◆ WORK REQUEST: Your task is to copy every line below that contains the word "SUBTRACT".
+++
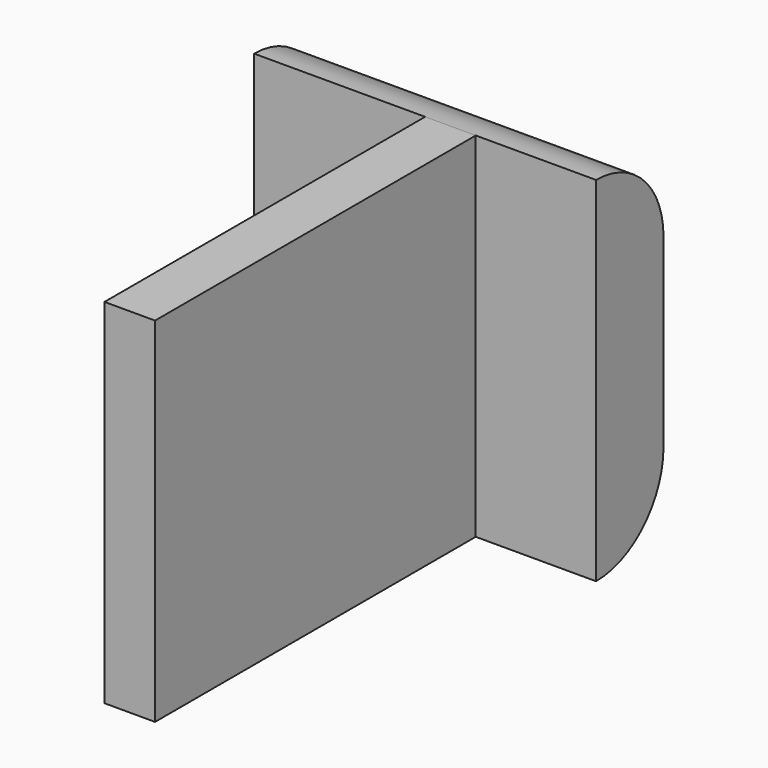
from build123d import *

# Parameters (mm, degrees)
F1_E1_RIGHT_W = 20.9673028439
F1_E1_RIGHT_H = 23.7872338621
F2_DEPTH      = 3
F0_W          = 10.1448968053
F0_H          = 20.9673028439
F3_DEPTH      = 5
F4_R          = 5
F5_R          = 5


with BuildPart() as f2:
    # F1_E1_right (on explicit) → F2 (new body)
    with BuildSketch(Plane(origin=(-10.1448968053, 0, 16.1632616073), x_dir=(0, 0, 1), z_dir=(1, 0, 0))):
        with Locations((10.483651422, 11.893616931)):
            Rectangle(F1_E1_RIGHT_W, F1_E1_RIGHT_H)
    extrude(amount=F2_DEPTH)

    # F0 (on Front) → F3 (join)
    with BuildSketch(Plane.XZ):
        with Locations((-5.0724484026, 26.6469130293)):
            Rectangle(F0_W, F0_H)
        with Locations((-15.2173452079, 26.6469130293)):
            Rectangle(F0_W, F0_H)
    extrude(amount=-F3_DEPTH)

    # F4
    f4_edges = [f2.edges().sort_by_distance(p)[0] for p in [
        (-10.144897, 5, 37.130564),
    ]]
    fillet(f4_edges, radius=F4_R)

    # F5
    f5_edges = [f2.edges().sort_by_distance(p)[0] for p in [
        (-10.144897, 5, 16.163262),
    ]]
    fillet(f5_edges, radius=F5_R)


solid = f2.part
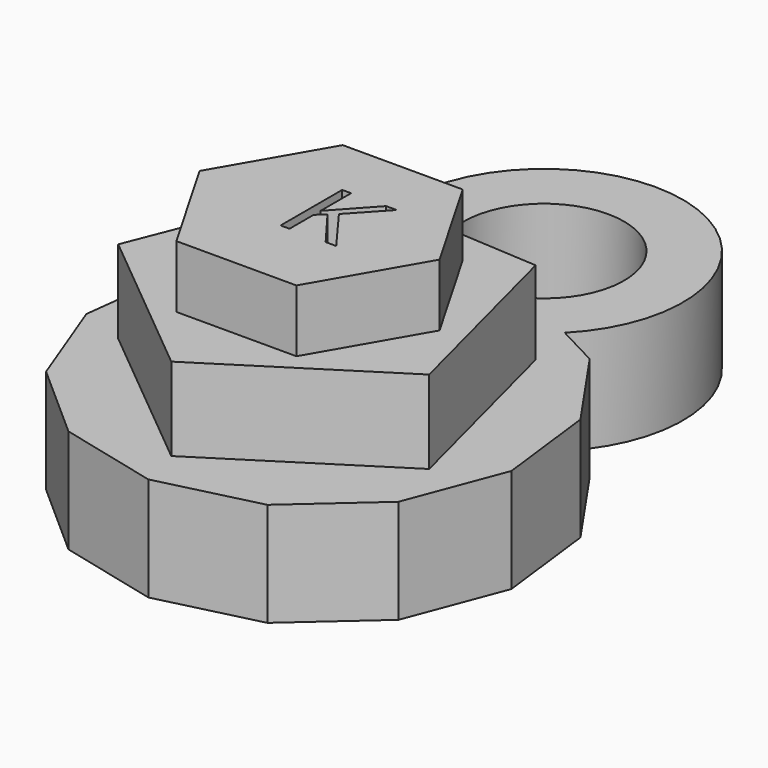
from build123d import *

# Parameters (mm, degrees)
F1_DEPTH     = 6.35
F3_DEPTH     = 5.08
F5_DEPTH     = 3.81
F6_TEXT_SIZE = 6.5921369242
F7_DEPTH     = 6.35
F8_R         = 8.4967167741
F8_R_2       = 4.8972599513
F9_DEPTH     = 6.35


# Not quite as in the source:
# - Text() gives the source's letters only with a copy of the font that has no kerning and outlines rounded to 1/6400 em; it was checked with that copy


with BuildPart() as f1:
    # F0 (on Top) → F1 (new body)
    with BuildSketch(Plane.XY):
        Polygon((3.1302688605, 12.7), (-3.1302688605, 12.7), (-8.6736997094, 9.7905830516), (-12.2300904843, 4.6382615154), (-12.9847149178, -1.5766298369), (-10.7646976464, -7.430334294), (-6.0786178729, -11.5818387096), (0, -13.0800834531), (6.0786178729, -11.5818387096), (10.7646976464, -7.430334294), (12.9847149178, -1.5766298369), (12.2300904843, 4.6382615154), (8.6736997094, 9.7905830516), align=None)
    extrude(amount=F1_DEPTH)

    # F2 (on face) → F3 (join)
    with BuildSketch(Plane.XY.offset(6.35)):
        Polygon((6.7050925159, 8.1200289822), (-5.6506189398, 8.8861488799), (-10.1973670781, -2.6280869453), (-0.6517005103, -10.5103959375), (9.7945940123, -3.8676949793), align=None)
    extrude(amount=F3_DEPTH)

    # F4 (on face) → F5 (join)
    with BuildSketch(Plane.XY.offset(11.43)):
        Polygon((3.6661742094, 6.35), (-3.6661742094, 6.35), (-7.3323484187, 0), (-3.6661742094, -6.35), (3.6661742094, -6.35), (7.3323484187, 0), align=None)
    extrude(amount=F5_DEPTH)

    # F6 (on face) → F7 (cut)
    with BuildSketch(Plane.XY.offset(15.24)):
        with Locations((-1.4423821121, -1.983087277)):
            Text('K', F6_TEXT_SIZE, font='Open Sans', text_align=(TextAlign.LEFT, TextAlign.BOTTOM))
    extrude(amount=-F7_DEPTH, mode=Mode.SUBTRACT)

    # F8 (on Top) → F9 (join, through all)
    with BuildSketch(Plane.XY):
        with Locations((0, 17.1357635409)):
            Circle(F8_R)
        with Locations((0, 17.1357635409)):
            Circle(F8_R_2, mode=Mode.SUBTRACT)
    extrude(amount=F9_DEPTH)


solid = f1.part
+++
◆ OUTPUT FOR THIS EXERCISE:
    extrude(amount=-F7_DEPTH, mode=Mode.SUBTRACT)
            Circle(F8_R_2, mode=Mode.SUBTRACT)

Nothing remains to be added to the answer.